Although I probably got the syntax wrong, I am wondering what would be the most efficient solution for such problems for large datasets. I have been looking at the data.table vignette for a while, but I cannot really figure out how to do the syntax.
有任何建议吗?
str(WVSsample)
Classes ‘data.table’ and 'data.frame': 240 obs. of 1415 variables:
$ matchcode : Factor w/ 240 levels "ALB 1998 ","ALB 2002 ",..: 108 134 88 12 4 73 117 232 5 25 ...
$ S001 :Class 'labelled' atomic [1:240] 2 2 2 2 2 2 2 2 2 2 ...
.. ..- attr(*, "label")= chr "Study"
.. ..- attr(*, "format.stata")= chr "%8.0g"
.. ..- attr(*, "labels")= Named num [1:7] -5 -4 -3 -2 -1 1 2
.. .. ..- attr(*, "names")= chr [1:7] "Missing; Unknown" "Not asked in survey" "Not applicable" "No answer" ...
$ S002 :Class 'labelled' atomic [1:240] 1 1 1 1 1 1 1 1 2 2 ...
.. ..- attr(*, "label")= chr "Wave"
.. ..- attr(*, "format.stata")= chr "%8.0g"
.. ..- attr(*, "labels")= Named num [1:11] -5 -4 -3 -2 -1 1 2 3 4 5 ...
.. .. ..- attr(*, "names")= chr [1:11] "Missing; Unknown" "Not asked in survey" "Not applicable" "No answer" ...
$ S002EVS :Class 'labelled' atomic [1:240] -4 -4 -4 -4 -4 -4 -4 -4 -4 -4 ...

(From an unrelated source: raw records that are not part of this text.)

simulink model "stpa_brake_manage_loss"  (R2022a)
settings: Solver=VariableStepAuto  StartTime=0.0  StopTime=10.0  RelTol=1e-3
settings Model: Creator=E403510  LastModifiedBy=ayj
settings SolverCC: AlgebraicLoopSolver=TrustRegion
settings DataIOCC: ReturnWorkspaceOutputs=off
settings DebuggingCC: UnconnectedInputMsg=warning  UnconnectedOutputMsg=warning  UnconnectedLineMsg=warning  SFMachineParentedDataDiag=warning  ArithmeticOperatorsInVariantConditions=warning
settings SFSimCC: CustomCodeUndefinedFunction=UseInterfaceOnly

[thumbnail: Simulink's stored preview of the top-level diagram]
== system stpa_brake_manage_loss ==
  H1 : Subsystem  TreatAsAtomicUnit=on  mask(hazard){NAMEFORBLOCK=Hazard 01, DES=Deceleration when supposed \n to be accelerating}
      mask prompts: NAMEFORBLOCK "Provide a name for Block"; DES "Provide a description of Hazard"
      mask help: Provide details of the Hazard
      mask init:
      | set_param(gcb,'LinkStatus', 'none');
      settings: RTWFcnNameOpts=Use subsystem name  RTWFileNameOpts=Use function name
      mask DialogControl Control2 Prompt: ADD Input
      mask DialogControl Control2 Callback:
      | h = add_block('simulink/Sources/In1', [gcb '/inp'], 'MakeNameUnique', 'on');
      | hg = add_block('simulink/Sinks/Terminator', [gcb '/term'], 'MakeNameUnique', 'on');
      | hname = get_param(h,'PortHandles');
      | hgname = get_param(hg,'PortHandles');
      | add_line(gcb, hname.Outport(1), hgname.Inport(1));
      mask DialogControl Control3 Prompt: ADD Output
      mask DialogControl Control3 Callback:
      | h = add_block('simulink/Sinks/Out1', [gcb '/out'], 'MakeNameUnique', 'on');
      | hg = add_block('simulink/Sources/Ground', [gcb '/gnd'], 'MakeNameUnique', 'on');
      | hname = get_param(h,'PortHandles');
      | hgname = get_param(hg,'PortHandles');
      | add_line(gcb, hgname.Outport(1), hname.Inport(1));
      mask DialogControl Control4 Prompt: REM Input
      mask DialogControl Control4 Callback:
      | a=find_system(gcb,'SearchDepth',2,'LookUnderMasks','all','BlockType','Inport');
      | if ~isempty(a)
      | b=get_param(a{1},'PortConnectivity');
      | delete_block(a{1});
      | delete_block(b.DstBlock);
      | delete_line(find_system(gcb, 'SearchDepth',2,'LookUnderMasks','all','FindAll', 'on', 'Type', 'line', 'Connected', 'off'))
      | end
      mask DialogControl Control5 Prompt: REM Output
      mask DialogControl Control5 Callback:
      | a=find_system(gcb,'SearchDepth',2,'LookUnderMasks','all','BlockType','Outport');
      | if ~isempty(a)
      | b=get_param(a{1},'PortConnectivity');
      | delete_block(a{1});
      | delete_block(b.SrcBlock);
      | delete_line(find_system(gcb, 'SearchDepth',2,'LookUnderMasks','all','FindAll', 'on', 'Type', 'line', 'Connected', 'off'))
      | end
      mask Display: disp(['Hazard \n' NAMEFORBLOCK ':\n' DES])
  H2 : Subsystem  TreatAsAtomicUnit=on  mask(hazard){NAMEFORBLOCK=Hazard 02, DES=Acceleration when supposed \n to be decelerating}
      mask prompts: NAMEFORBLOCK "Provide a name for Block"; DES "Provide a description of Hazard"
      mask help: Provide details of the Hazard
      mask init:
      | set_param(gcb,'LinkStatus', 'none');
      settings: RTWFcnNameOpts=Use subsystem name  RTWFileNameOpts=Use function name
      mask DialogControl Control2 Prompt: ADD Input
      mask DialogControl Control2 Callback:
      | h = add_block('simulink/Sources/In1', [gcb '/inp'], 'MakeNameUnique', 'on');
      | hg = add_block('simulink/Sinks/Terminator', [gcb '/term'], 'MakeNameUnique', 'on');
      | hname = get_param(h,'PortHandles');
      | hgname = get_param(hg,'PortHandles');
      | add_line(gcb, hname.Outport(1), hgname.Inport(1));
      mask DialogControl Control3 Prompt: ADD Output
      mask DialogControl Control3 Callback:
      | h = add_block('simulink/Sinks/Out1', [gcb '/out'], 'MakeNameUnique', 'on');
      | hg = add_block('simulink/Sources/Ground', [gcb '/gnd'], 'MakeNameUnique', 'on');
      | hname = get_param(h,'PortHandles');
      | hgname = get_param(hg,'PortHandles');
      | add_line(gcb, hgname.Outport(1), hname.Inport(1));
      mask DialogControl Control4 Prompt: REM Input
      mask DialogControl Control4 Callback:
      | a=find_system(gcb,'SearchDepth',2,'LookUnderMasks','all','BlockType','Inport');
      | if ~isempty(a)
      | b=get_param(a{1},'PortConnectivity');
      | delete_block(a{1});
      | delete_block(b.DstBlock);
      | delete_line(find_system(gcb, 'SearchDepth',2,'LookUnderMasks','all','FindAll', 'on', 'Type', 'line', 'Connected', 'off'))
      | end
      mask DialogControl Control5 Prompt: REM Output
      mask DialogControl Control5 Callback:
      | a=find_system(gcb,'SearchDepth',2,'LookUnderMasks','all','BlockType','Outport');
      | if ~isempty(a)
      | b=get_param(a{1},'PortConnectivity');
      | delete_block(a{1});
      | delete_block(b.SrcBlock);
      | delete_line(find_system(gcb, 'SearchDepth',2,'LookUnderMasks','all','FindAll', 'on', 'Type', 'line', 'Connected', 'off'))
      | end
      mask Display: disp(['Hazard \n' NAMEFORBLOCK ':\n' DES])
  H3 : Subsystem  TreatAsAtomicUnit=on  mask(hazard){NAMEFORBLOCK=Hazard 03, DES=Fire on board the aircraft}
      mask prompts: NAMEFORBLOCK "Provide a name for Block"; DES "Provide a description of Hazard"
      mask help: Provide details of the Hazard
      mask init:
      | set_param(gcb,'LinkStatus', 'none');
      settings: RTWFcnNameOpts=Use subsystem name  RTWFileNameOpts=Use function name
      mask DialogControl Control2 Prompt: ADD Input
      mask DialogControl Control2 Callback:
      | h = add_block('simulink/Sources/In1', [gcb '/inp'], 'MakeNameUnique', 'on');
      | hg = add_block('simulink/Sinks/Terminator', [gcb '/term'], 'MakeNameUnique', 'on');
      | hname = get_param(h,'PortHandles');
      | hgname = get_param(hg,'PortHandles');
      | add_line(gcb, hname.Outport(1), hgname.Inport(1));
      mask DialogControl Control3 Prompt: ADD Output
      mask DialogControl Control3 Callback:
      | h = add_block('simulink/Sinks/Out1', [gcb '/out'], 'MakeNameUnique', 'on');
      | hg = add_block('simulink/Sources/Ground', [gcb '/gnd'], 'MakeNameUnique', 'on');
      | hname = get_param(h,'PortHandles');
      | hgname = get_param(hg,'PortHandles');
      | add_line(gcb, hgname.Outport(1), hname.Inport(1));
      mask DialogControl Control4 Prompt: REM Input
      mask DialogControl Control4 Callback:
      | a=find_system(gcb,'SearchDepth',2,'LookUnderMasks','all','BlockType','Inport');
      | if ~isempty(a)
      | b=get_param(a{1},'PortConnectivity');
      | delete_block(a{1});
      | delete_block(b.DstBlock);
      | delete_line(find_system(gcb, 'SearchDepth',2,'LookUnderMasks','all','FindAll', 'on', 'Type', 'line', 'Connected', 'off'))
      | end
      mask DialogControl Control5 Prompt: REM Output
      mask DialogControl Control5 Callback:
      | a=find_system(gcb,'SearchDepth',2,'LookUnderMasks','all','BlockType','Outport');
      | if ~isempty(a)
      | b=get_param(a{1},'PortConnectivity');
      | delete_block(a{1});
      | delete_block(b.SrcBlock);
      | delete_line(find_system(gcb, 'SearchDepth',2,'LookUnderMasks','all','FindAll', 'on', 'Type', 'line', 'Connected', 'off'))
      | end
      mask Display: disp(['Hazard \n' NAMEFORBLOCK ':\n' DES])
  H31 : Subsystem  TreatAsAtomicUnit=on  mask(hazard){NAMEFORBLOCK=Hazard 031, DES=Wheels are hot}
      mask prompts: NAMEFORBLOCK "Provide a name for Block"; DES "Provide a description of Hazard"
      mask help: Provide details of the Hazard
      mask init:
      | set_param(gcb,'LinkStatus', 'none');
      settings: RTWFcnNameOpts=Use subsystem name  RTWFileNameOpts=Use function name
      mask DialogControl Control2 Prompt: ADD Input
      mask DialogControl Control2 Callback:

.. ..- attr(*, "label")= chr "EVS-wave"
.. ..- attr(*, "format.stata")= chr "%8.0g"
.. ..- attr(*, "labels")= Named num [1:9] -5 -4 -3 -2 -1 1 2 3 4
.. .. ..- attr(*, "names")= chr [1:9] "Missing; Unknown" "Not asked in survey" "Not applicable" "No answer" ...
$ S003 :Class 'labelled' atomic [1:240] 392 484 348 36 32 246 410 710 32 112 ...
.. ..- attr(*, "label")= chr "Country/region"
.. ..- attr(*, "format.stata")= chr "%8.0g"
.. ..- attr(*, "labels")= Named num [1:199] -5 -4 -3 -2 -1 4 8 12 16 20 ...
.. .. ..- attr(*, "names")= chr [1:199] "Missing; Unknown" "Not asked in survey" "Not applicable" "No answer" ...
$ S003A :Class 'labelled' atomic [1:240] 392 484 348 36 32 246 410 710 32 112 ...
.. ..- attr(*, "label")= chr "Country/regions [with split ups]"
.. ..- attr(*, "format.stata")= chr "%8.0g"
.. ..- attr(*, "labels")= Named num [1:199] -5 -4 -3 -2 -1 4 8 12 16 20 ...
.. .. ..- attr(*, "names")= chr [1:199] "Missing; Unknown" "Not asked in survey" "Not applicable" "No answer" ...
$ S004 :Class 'labelled' atomic [1:240] -4 -4 -4 -4 -4 -4 -4 -4 -4 -4 ...
.. ..- attr(*, "label")= chr "Set"
.. ..- attr(*, "format.stata")= chr "%8.0g"
.. ..- attr(*, "labels")= Named num [1:7] -5 -4 -3 -2 -1 1 2
.. .. ..- attr(*, "names")= chr [1:7] "Missing; Unknown" "Not asked in survey" "Not applicable" "No answer" ...
编辑: @ chinsoon12使用以下代码段提及:
@chinsoon12 mentioned using the following piece of code:
f_dowle3 = function(DT) {
for (j in seq_len(ncol(DT)))
set(DT,which(is.na(DT[[j]])),j,0)
}
但是此代码没有做两件事:
This code however does not do two things:
-
它用零代替NA,而我想用NA代替负值。我需要更改
which(is.na(DT [[j]])
部分,例如DT [[j]])< 0
。
我将代码更改为:
f_dowle3 = function(DT) {
# or by number (slightly faster than by name) :
for (j in seq_len(ncol(DT)))
set(DT,which(DT[[j]]<0),j,NA)
}
但是这会使数据集为NULL,谁能帮助我
But this makes the dataset NULL. Could anyone help me with adapting the code properly?
推荐答案
由于这是重复项,因此将很快删除,因为不能容纳注释。
Since this is a dupe, will delete shortly as cannot fit in comments.
setDT(df)
cols <- names(df)[sapply(df, is.numeric)]
for (x in cols) {
set(df, which(df[[x]] < 0), x, NA_real_)
}
这篇关于根据类型有效地替换大型数据集中的负值的文章就介绍到这了,希望我们推荐的答案对大家有所帮助,也希望大家多多支持IT屋!